The main function of hsa-miR-150-5p was reported to be the regulation of angiogenesis [43]. It is also expressed in NK cells, and B and T cells of immune system and the high levels of hsa-miR-150-5p is associated with defect in immune system and sustenance of inflammation [44]. Our data shows several other targets of hsa-miR-150-5p of which NF-κβ is typical for inflammation. The action of hsa-miR-150-5p causes the inhibition of NF-κβ signaling and there by inflammation [45]. This may be the reason why the downregulation of hsa-miR-150-5p correlates with the severity of inflammation and enhanced angiogenesis in Group 1 tendons.

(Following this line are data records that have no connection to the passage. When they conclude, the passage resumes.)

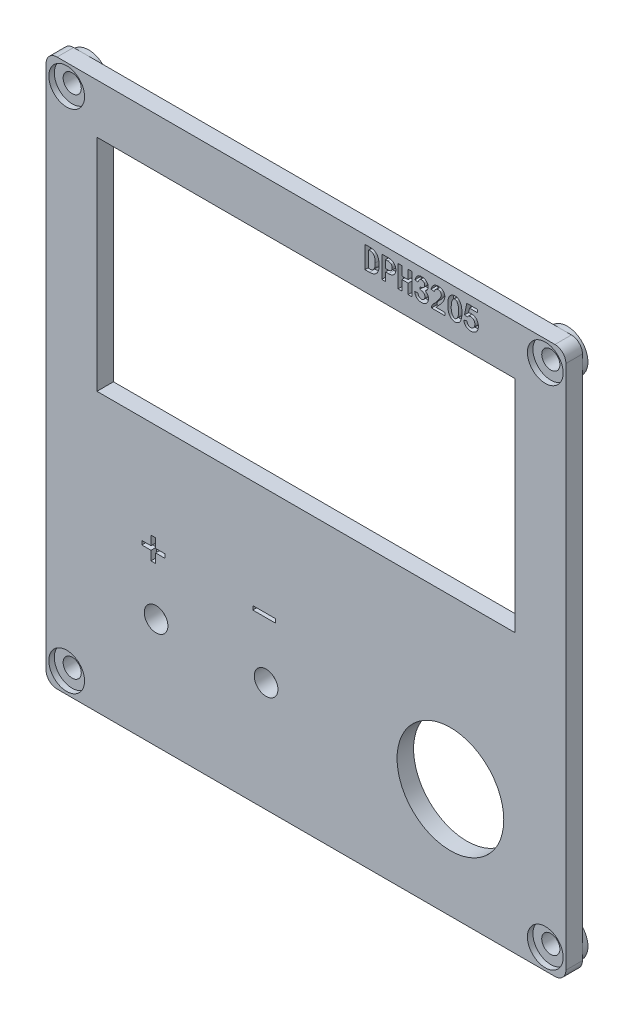
SolidWorks part; units mm, degrees
ref_plane "前视基准面" through (0, 0, 0) normal (0, 0, 1) x (1, 0, 0)
ref_plane "上视基准面" through (0, 0, 0) normal (0, 1, 0) x (1, 0, 0)
ref_plane "右视基准面" through (0, 0, 0) normal (1, 0, 0) x (0, 0, -1)
sketch "草图1" plane through (0, 0, 0) normal (0, 0, 1) x (1, 0, 0)
  line L0 (-27.25, -29.75) -> (-7.25, -29.75) construction
  line L1 (-45.25, -49.75) -> (45.25, -49.75)
  line L2 (-47.25, -47.75) -> (-47.25, 47.75)
  line L3 (-45.25, 49.75) -> (45.25, 49.75)
  line L4 (47.25, -47.75) -> (47.25, 47.75)
  line L5 (-47.25, -49.75) -> (47.25, 49.75) construction
  line L6 (-47.25, 49.75) -> (47.25, -49.75) construction
  line L7 (-38, 40.75) -> (38, 40.75)
  line L8 (-38, 40.75) -> (-38, 0.75)
  line L9 (-38, 0.75) -> (38, 0.75)
  line L10 (38, 40.75) -> (38, 0.75)
  arc A0 (-45.25, -49.75) -> (-47.25, -47.75) centre (-45.25, -47.75) cw
  arc A1 (45.25, -49.75) -> (47.25, -47.75) centre (45.25, -47.75) ccw
  arc A2 (45.25, 49.75) -> (47.25, 47.75) centre (45.25, 47.75) cw
  arc A3 (-47.25, 47.75) -> (-45.25, 49.75) centre (-45.25, 47.75) cw
  circle A4 centre (-27.25, -29.75) radius 2.15
  circle A5 centre (-7.25, -29.75) radius 2.15
  circle A6 centre (26.25, -29.75) radius 9.7
  point P0 (0, 0)
  point P22 (0, 40.75)
  point P23 (0, 49.75)
  dimension "D3" = 2
  dimension "D10" = 4.3
  dimension "D11" = 19.4
  dimension "D12" = 21
  dimension "D1" = 99.5
  dimension "D2" = 94.5
  dimension "D4" = 76
  dimension "D5" = 40
  dimension "D6" = 9
  dimension "D7" = 20
  dimension "D8" = 20
  dimension "D9" = 20
extrude "凸台-拉伸1" add sketch "草图1" along normal blind 3
sketch "草图2" plane through (0, 0, 3) normal (0, 0, 1) x (1, 0, 0)
  text T0 "DPH3205" font "黑体" height 4
  text T1 "+" font "黑体" height 6
  text T2 "-" font "黑体" height 6
extrude "切除-拉伸1" cut sketch "草图2" against normal blind 1
sketch "草图3" plane through (0, 0, 0) normal (0, 0, -1) x (-1, 0, 0)
  line L0 (-45.25, 49.75) -> (45.25, 49.75) construction
  line L1 (43.5, -46) -> (-43.5, -46) construction
  line L2 (43.5, -46) -> (43.5, 46) construction
  line L3 (43.5, 46) -> (-43.5, 46) construction
  line L4 (-43.5, -46) -> (-43.5, 46) construction
  line L5 (43.5, -46) -> (-43.5, 46) construction
  line L6 (43.5, 46) -> (-43.5, -46) construction
  circle A0 centre (-43.5, 46) radius 3.75
  circle A1 centre (43.5, 46) radius 3.75
  circle A2 centre (43.5, -46) radius 3.75
  circle A3 centre (-43.5, -46) radius 3.75
  point P0 (0, 0)
  dimension "D1" = 87
  dimension "D2" = 92
extrude "凸台-拉伸2" add sketch "草图3" along normal blind 1
sketch "草图4" plane through (0, 0, -1) normal (0, 0, -1) x (-1, 0, 0)
  circle A0 centre (-43.5, 46) radius 1.65
  circle A1 centre (43.5, 46) radius 1.65
  circle A2 centre (43.5, -46) radius 1.65
  circle A3 centre (-43.5, -46) radius 1.65
  dimension "D1" = 3.3
extrude "切除-拉伸2" cut sketch "草图4" against normal through all
sketch "草图5" plane through (0, 0, 3) normal (0, 0, 1) x (1, 0, 0)
  circle A0 centre (-43.5, 46) radius 3.25
  circle A1 centre (43.5, 46) radius 3.25
  circle A2 centre (43.5, -46) radius 3.25
  circle A3 centre (-43.5, -46) radius 3.25
  dimension "D1" = 6.5
extrude "切除-拉伸3" cut sketch "草图5" against normal blind 1
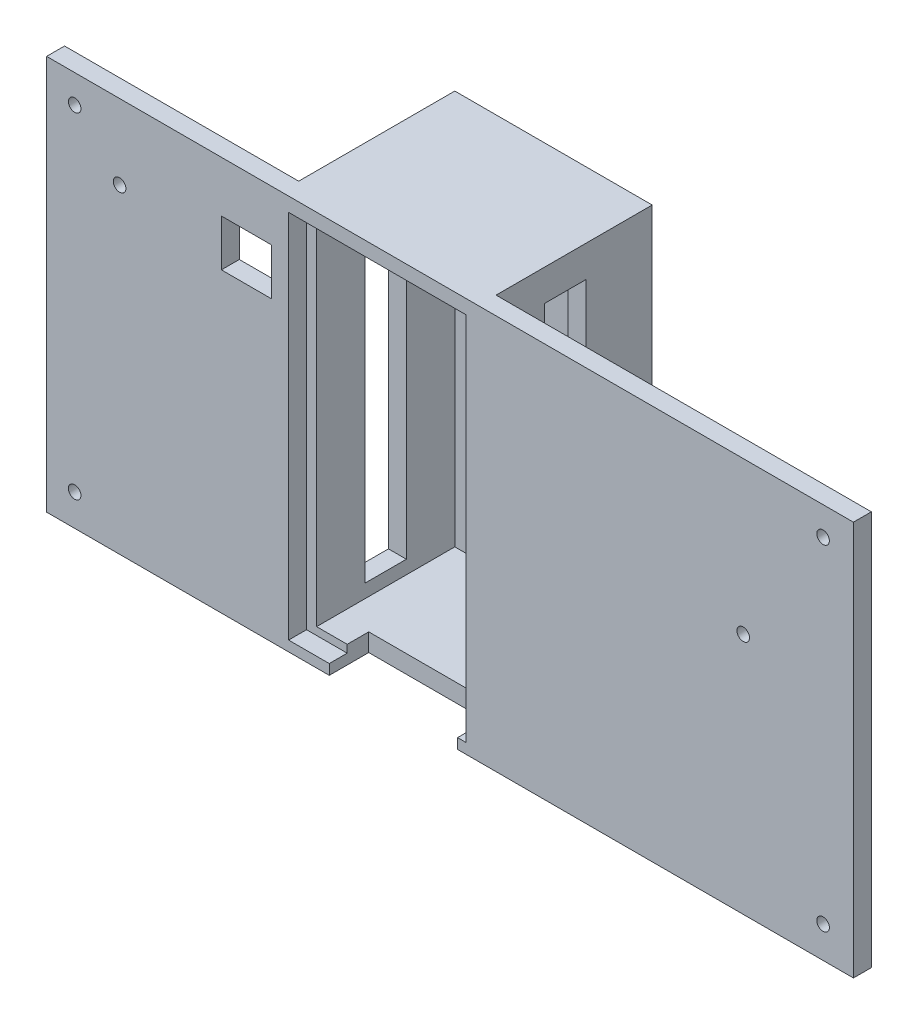
SolidWorks part; units mm, degrees
ref_plane "Front Plane" through (0, 0, 0) normal (0, 0, 1) x (1, 0, 0)
ref_plane "Top Plane" through (0, 0, 0) normal (0, 1, 0) x (1, 0, 0)
ref_plane "Right Plane" through (0, 0, 0) normal (1, 0, 0) x (0, 0, -1)
sketch "Sketch1" plane through (0, 0, 0) normal (0, 0, 1) x (1, 0, 0)
  line L1 (3057.4972, 13550.2491) -> (2943.2926, 13550.2491)
  line L2 (3057.4972, 13550.2491) -> (3057.4972, 13494.3691)
  line L3 (3057.4972, 13494.3691) -> (2943.2926, 13494.3691)
  line L4 (2943.2926, 13550.2491) -> (2943.2926, 13494.3691)
extrude "Boss-Extrude1" add sketch "Sketch1" against normal blind 2.54
sketch "Sketch2" plane through (0, 0, -2.54) normal (0, 0, -1) x (-1, 0, 0)
  line L1 (-2975.1428, 13543.0496) -> (-2968.0308, 13543.0496)
  line L2 (-2975.1428, 13543.0496) -> (-2975.1428, 13536.4456)
  line L3 (-2975.1428, 13536.4456) -> (-2968.0308, 13536.4456)
  line L4 (-2968.0308, 13543.0496) -> (-2968.0308, 13536.4456)
  line L5 (-2975.1428, 13543.0496) -> (-2968.0308, 13536.4456) construction
  line L6 (-2975.1428, 13536.4456) -> (-2968.0308, 13543.0496) construction
  point P0 (-2971.5868, 13539.7476)
  dimension "D1" = 6.604
  dimension "D2" = 7.112
extrude "Cut-Extrude2" cut sketch "Sketch2" against normal up to next contours L4 L1 L2 L3 region at (2971.5868, 13539.7476, -2.54)
sketch "Sketch5" plane through (0, 0, -2.54) normal (0, 0, -1) x (-1, 0, 0)
  line L1 (-3004.372, 13550.2491) -> (-2976.432, 13550.2491)
  line L2 (-3004.372, 13550.2491) -> (-3004.372, 13494.3691)
  line L3 (-3004.372, 13494.3691) -> (-2976.432, 13494.3691)
  line L4 (-2976.432, 13550.2491) -> (-2976.432, 13494.3691)
  dimension "D1" = 27.94
extrude "Boss-Extrude2" add sketch "Sketch5" along normal blind 19.558
shell "Shell2" thickness 2.54 removed face at (2990.402, 13522.3091, -22.098)
sketch "Sketch6" plane through (0, 0, -2.54) normal (0, 0, -1) x (-1, 0, 0)
  line L1 (-3002.6439, 13548.2543) -> (-2977.5469, 13548.2543)
  line L2 (-3002.6439, 13548.2543) -> (-3002.6439, 13495.8195)
  line L3 (-3002.6439, 13495.8195) -> (-2977.5469, 13495.8195)
  line L4 (-2977.5469, 13548.2543) -> (-2977.5469, 13495.8195)
extrude "Cut-Extrude3" cut sketch "Sketch6" against normal through all
sketch "Sketch7" plane through (3004.372, 0, 0) normal (1, 0, 0) x (0, 0, -1)
  line L0 (22.098, 13522.3091) -> (2.54, 13522.3091) construction
  line L1 (22.098, 13550.2491) -> (22.098, 13494.3691) construction
  line L2 (2.54, 13494.3691) -> (2.54, 13550.2491) construction
  line L4 (9.393, 13545.7974) -> (15.245, 13545.7974)
  line L5 (9.393, 13545.7974) -> (9.393, 13498.8208)
  line L6 (9.393, 13498.8208) -> (15.245, 13498.8208)
  line L7 (15.245, 13545.7974) -> (15.245, 13498.8208)
  line L8 (9.393, 13545.7974) -> (15.245, 13498.8208) construction
  line L9 (9.393, 13498.8208) -> (15.245, 13545.7974) construction
  point P6 (12.319, 13522.3091)
  dimension "D1" = 46.9765
  dimension "D2" = 5.852
extrude "Cut-Extrude4" cut sketch "Sketch7" against normal through all
sketch "Sketch8" plane through (0, 13494.3691, 0) normal (0, -1, 0) x (1, 0, 0)
  line L3 (3001.4606, 0) -> (2983.2996, 0)
  line L5 (3001.4606, -5.588) -> (2983.2996, -5.588)
  line L7 (3001.4606, -22.098) -> (3001.4606, 0) construction
  line L8 (3004.372, -22.098) -> (2976.432, -22.098) construction
  line L9 (2983.2996, -22.098) -> (2983.2996, 0) construction
  line L10 (3001.4606, 0) -> (3001.4606, -5.588)
  line L11 (2983.2996, 0) -> (2983.2996, -5.588)
  dimension "D1" = 18.161
extrude "Cut-Extrude5" cut sketch "Sketch8" against normal blind 19.558
hole_wizard "CBORE for #0 Binding Head Machine Screw1" positions "Sketch10" profile "Sketch9" counterbore size "#0" standard "ANSI Inch" end condition through all
sketch "Sketch10" plane through (0, 0, -2.54) normal (0, 0, -1) x (-1, 0, 0)
  point P0 (-3041.897, 13528.711)
  point P1 (-2953.6183, 13539.6492)
sketch "Sketch9" plane through (3041.897, 13528.711, -2.54) normal (1, 0, 0) x (0, 1, 0)
  line L0 (0, 0) -> (0, 2.54)
  line L1 (0, 2.54) -> (0.889, 2.54)
  line L3 (0.889, 2.54) -> (0.889, 0.8128)
  line L4 (1.985, 0.8128) -> (0.889, 0.8128)
  line L5 (1.985, 0.8128) -> (1.985, 0.635)
  line L6 (1.985, 0.635) -> (2.62, 0)
  line L7 (2.62, 0) -> (0, 0)
  line L8 (-1.985, 0.635) -> (-2.62, 0) construction
  line L11 (0, -6.35) -> (0, 107.95) construction
  dimension "Thru Hole Dia." = 1.778
  dimension "Thru Hole Depth" = 2.54
  dimension "C'Bore Dia." = 3.97
  dimension "C'Bore Depth" = 0.8128
  dimension "Near C'Sink Dia." = 5.24
  dimension "Near C'Sink Angle" = 90
hole_wizard "CBORE for #0 Binding Head Machine Screw2" positions "Sketch15" profile "Sketch14" counterbore size "#0" standard "ANSI Inch" end condition through all
sketch "Sketch15" plane through (0, 0, -2.54) normal (0, 0, -1) x (-1, 0, 0)
  point P0 (-3053.2045, 13546.2565)
  point P2 (-3053.2045, 13498.8311)
  point P4 (-2925.5288, 13498.7881)
  point P6 (-2947.2615, 13498.8311)
  point P8 (-2947.2615, 13546.2565)
sketch "Sketch14" plane through (3053.2045, 13546.2565, -2.54) normal (1, 0, 0) x (0, 1, 0)
  line L0 (0, 0) -> (0, 2.54)
  line L1 (0, 2.54) -> (0.889, 2.54)
  line L3 (0.889, 2.54) -> (0.889, 0.8128)
  line L4 (1.985, 0.8128) -> (0.889, 0.8128)
  line L5 (1.985, 0.8128) -> (1.985, 0.635)
  line L6 (1.985, 0.635) -> (2.62, 0)
  line L7 (2.62, 0) -> (0, 0)
  line L8 (-1.985, 0.635) -> (-2.62, 0) construction
  line L11 (0, -6.35) -> (0, 107.95) construction
  dimension "Thru Hole Dia." = 1.778
  dimension "Thru Hole Depth" = 2.54
  dimension "C'Bore Dia." = 3.97
  dimension "C'Bore Depth" = 0.8128
  dimension "Near C'Sink Dia." = 5.24
  dimension "Near C'Sink Angle" = 90
sketch "Sketch16" plane through (0, 0, -22.098) normal (0, 0, -1) x (-1, 0, 0)
  line L0 (-2976.432, 13494.3691) -> (-2976.432, 13550.2491) construction
  line L1 (-3004.372, 13550.2491) -> (-2976.432, 13550.2491)
  line L2 (-3004.372, 13550.2491) -> (-3004.372, 13494.3691)
  line L3 (-3004.372, 13494.3691) -> (-2976.432, 13494.3691)
  line L4 (-2976.432, 13550.2491) -> (-2976.432, 13494.3691)
extrude "Boss-Extrude3" add sketch "Sketch16" along normal blind 2.54
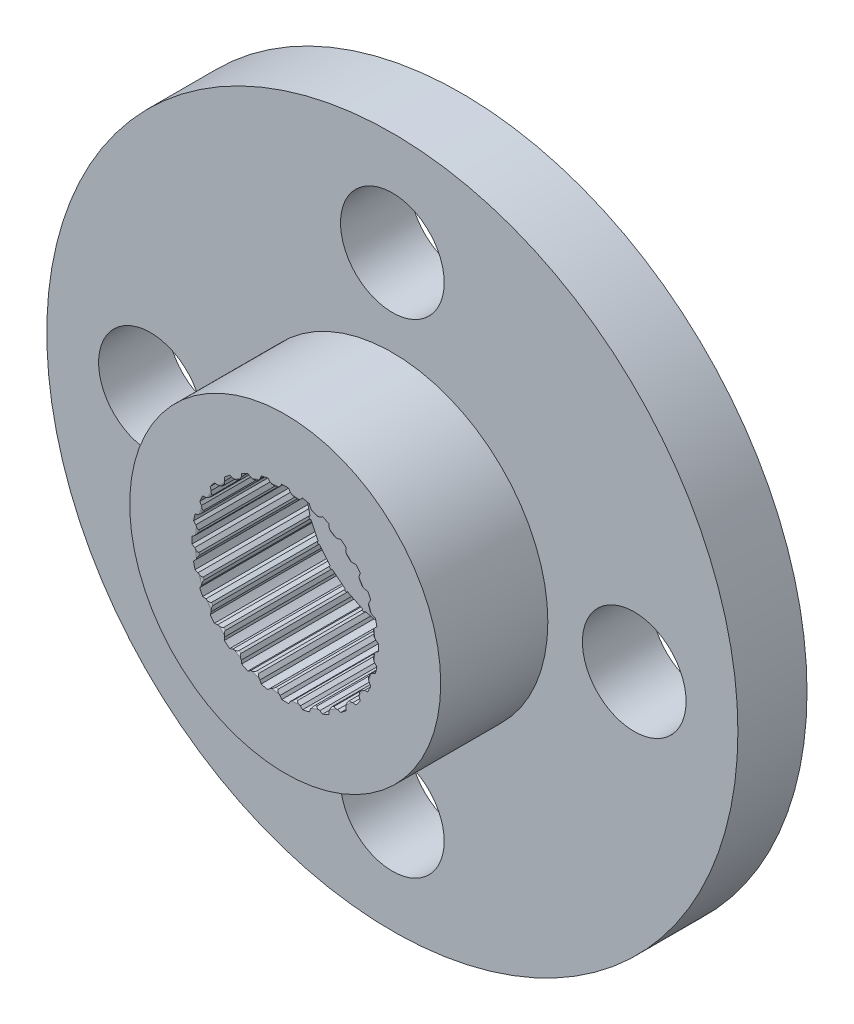
SolidWorks part; units mm, degrees
material "Beryllium"
ref_plane "Alzado" through (0, 0, 0) normal (0, 0, 1) x (1, 0, 0)
ref_plane "Planta" through (0, 0, 0) normal (0, 1, 0) x (1, 0, 0)
ref_plane "Vista lateral" through (0, 0, 0) normal (1, 0, 0) x (0, 0, -1)
sketch "Croquis1" plane through (0, 0, 0) normal (0, 0, 1) x (1, 0, 0)
  circle A0 centre (0, 0) radius 7 construction
  circle A1 centre (0, 0) radius 10
  circle A2 centre (-7, 0) radius 1.5
  circle A3 centre (0, 7) radius 1.5
  circle A4 centre (0, -7) radius 1.5
  circle A5 centre (7, 0) radius 1.5
  circle A6 centre (0, 0) radius 1.5
  dimension "D1" = 14
  dimension "D2" = 20
  dimension "D3" = 3
extrude "Saliente-Extruir1" add sketch "Croquis1" along normal blind 2
sketch "Croquis3" plane through (0, 0, 2) normal (0, 0, 1) x (1, 0, 0)
  line L0 (0, 0) -> (0, 4.1004) construction
  circle A0 centre (0, 0) radius 4.5
  circle A1 centre (0, 0) radius 2.55
  dimension "D1" = 9
  dimension "D2" = 5.1
extrude "Saliente-Extruir3" add sketch "Croquis3" along normal blind 3.1
sketch "Croquis4" plane through (0, 0, 5.1) normal (0, 0, 1) x (1, 0, 0)
  line L0 (0, 0) -> (0, 3.2695) construction
  line L1 (0.246, 2.4975) -> (-0.246, 2.4975)
  line L2 (-0.246, 2.4975) -> (-0.25, 2.5377)
  line L3 (-0.25, 2.5377) -> (-0.15, 2.62)
  line L4 (-0.15, 2.62) -> (-0.1, 2.6981)
  line L5 (0.246, 2.4975) -> (0.25, 2.5377)
  line L6 (0.25, 2.5377) -> (0.15, 2.62)
  line L7 (0.15, 2.62) -> (0.1, 2.6981)
  circle A0 centre (0, 0) radius 2.55
  circle A1 centre (0, 0) radius 2.7
  point P13 (0, 2.4975)
  point P15 (0, 2.4975)
  circle M7 centre (0, 0) radius 2.55
  dimension "D1" = 5.1
  dimension "D2" = 5.4
  dimension "D7" = 2.4975
  dimension "D3" = 0.25
  dimension "D4" = 0.15
  dimension "D5" = 0.1
  dimension "D6" = 2.62
extrude "Cortar-Extruir2" cut sketch "Croquis4" against normal blind 3.4 contours L0 A0 L6 L7 A1 | L0 A1 L4 L3 M7 | L0 L1 L5 A0 | L1 L0 L2 M7 region at (-0.1189, 2.5219, 5.1) region at (0.1189, 2.5219, 5.1) region at (-0.0869, 2.6114, 5.1) region at (0.0869, 2.6114, 5.1)
fillet "Redondeo1" radius 0.05 1 edges at (0, -2.55, 5.1)
pattern_circular "MatrizC1" count 28 over 360 about axis through (0, 0, 5.1) along (0, 0, -1) of "Cortar-Extruir2"

hsa-miR-181a-5p is involved in inflammation associated with cancer and its main target was found out to be IL-1a. The anti-inflammatory effects of hsa-miR-181a-5p has been established in lipopolysaccharide challenged macrophage and monocyte cell lines [46], [47]. Apart from IL-1a, TNF-α and IL-6 were also established to be the targets for hsa-miR-181a-5p suggesting its anti-inflammatory roles. The feedback regulation elicited by hsa-miR-181a-5p against TNF-α induced inflammation on targeting p300/CBP on hepatic epithelial cells reveals its mechanism of regulation at the molecular level. TLR4 and NF-κβ form other potential targets for hsa-miR-181a-5p and it has significant role in relieving oxidative stress associated with inflammation as well [46]. Moreover, hsa-miR-181a-5p is one of the prominent miRNAs reported to be regulated during exercise [48] and so has significant implications on tendinopathies. But, their regulatory roles in tendons, especially in shoulder tendons, are largely unknown. Our data revealed the IFN-γ, MAPK1, IL-5, and IRAK1 to be the targets for hsa-miR-181a-5p which can be linked to JAK2/STAT3 pathway through IFN-γ and MAPK1. The inflammation in Group 1 tendons can be a result of downregulation of hsa-miR-181a-5p and subsequent upregulation of these pro-inflammatory mediators.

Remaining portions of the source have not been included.